Curry may not be an adept passer but that is why you develop players. He's 24 years old and has alot more room for growth so I don't understand why people like yourself think him to be a completed product. If he was as bad as you say, he would not have even been in the league right now so cut out the belly-aching.

And the comments keep coming. I may understand your reasoning that Richardson might be at his best at the 3 position but certainly not for the reasons you mentioned. Ball handling or passing is not a prerequiste to play the 2 position because if it was guys like Jason Richardson and a host of other 2 guards would not be in the league right now. I think you must have mistake a 2 guard for an actual PG because ball handling and passing is only critical if your running an offense. As for the reason why I believe Richardson might be best at the 3 position, he possess' a dynamic scoring game that would best be utilized at that position. Richardson also is an excellent defender but more of a physical defender than a finesse defender. At the 2 position you find more finesse scorers so it's only natural to have him guard 3's. In either case, this won't be a problem since James Posey is a combination of a finesse and physical defender capable of guarding 2's. Richardson can't be that bad a player when he averaged 13ppg and 7rpg on 42% shooting, 38% shooting beyond the arch while being injuried during the season. We don't need all-star play out of him when we'd already have 3 established stars in Garnett, Curry and Marbury. By the way, the Knicks won 23 games with Malik Rose starting at the 3 spot a good portion of the season along with Antonio Davis at the 4 spot. It's stupid to say that Richardson was the only reason or sole reason for that season when so many factors contributed to it.

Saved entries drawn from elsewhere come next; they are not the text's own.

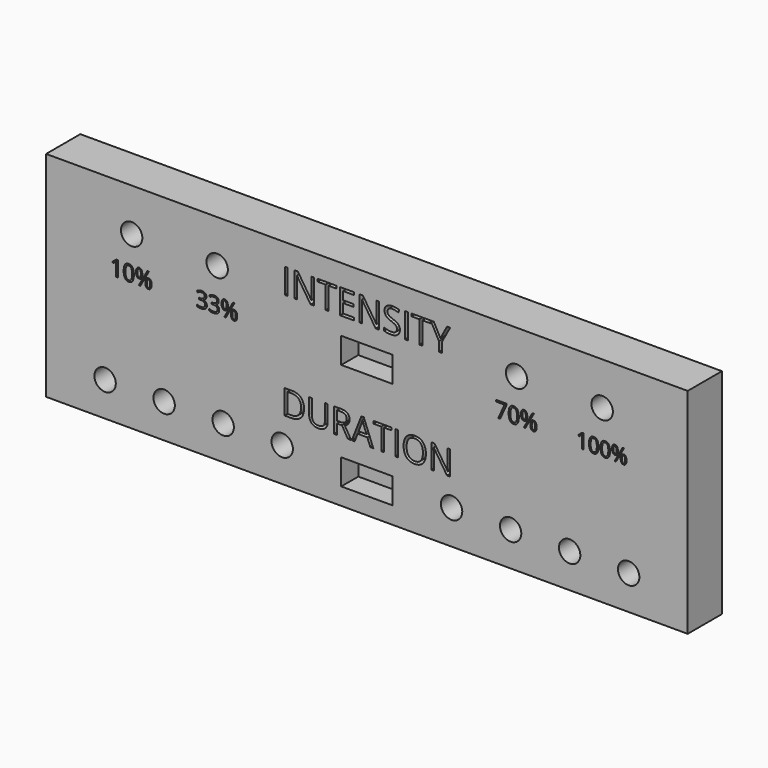
from build123d import *

# Parameters (mm, degrees)
F0_W           = 150
F0_H           = 50
F1_DEPTH       = 10
F2_TEXT_SIZE   = 8.1604029199
F2_TEXT_SIZE_2 = 7.9374922485
F3_DEPTH       = 5
F4_W           = 12
F4_H           = 6
F5_DEPTH       = 5
F6_R           = 2.5
F7_DEPTH       = 5
F8_TEXT_SIZE   = 5.0497080638
F8_TEXT_SIZE_2 = 4.7021367783
F9_DEPTH       = 5
F10_R          = 2.5
F11_DEPTH      = 5


# Not quite as in the source:
# - Text() gives the source's letters only with a copy of the font that has no kerning and outlines rounded to 1/6400 em; it was checked with that copy


with BuildPart() as f1:
    # F0 (on Front) → F1 (new body)
    with BuildSketch(Plane.XZ):
        Rectangle(F0_W, F0_H)
    extrude(amount=F1_DEPTH)

    # F2 (on face) → F3 (cut)
    with BuildSketch(Plane.XZ.offset(10)):
        with Locations((-20, 14.1245098977)):
            Text('INTENSITY', F2_TEXT_SIZE, font='Open Sans', text_align=(TextAlign.LEFT, TextAlign.BOTTOM))
        with Locations((-20, -10.714994419)):
            Text('DURATION', F2_TEXT_SIZE_2, font='Open Sans', text_align=(TextAlign.LEFT, TextAlign.BOTTOM))
    extrude(amount=-F3_DEPTH, mode=Mode.SUBTRACT)

    # F4 (on face) → F5 (cut)
    with BuildSketch(Plane.XZ.offset(10)):
        with Locations((0, 7)):
            Rectangle(F4_W, F4_H)
        with Locations((0, -18)):
            Rectangle(F4_W, F4_H)
    extrude(amount=-F5_DEPTH, mode=Mode.SUBTRACT)

    # F6 (on face) → F7 (cut)
    with BuildSketch(Plane.XZ.offset(10)):
        with Locations((-55, 15)):
            Circle(F6_R)
        with Locations((-35, 15)):
            Circle(F6_R)
        with Locations((35, 15)):
            Circle(F6_R)
        with Locations((55, 15)):
            Circle(F6_R)
    extrude(amount=-F7_DEPTH, mode=Mode.SUBTRACT)

    # F8 (on face) → F9 (cut)
    with BuildSketch(Plane.XZ.offset(10)):
        with Locations((-40, 5)):
            Text('33%', F8_TEXT_SIZE, font='Open Sans', text_align=(TextAlign.LEFT, TextAlign.BOTTOM))
        with Locations((30, 5)):
            Text('70%', F8_TEXT_SIZE, font='Open Sans', text_align=(TextAlign.LEFT, TextAlign.BOTTOM))
        with Locations((49, 5)):
            Text('100%', F8_TEXT_SIZE_2, font='Open Sans', text_align=(TextAlign.LEFT, TextAlign.BOTTOM))
        with Locations((-60, 5)):
            Text('10%', F8_TEXT_SIZE, font='Open Sans', text_align=(TextAlign.LEFT, TextAlign.BOTTOM))
    extrude(amount=-F9_DEPTH, mode=Mode.SUBTRACT)

    # F10 (on face) → F11 (cut)
    with BuildSketch(Plane.XZ.offset(10)):
        with Locations((-61.2, -17)):
            Circle(F10_R)
        with Locations((-47.4, -17)):
            Circle(F10_R)
        with Locations((-33.6, -17)):
            Circle(F10_R)
        with Locations((-19.8, -17)):
            Circle(F10_R)
        with Locations((19.8, -17)):
            Circle(F10_R)
        with Locations((33.6, -17)):
            Circle(F10_R)
        with Locations((47.4, -17)):
            Circle(F10_R)
        with Locations((61.2, -17)):
            Circle(F10_R)
    extrude(amount=-F11_DEPTH, mode=Mode.SUBTRACT)


solid = f1.part

I also want you to pin point the exact sentence when I said that Marbury was a defender. I bet you'd have a hard time finding it because I never said it. All I said was that Marbury was not one dimensional because was able to change the game in several fashions on the basketball floor. He is a dynamic scorer and has the ability to find his teammates shots. One dimensional refers to guys like Steve Kerr and even Eddy Curry who really can not change the game if they are not doing one thing. For that same reason, Francis is not one dimensional and definately not Richardson who is also a dynamic scorer and plays defense on the other end of the floor. I also never mentioned anything about Crawford.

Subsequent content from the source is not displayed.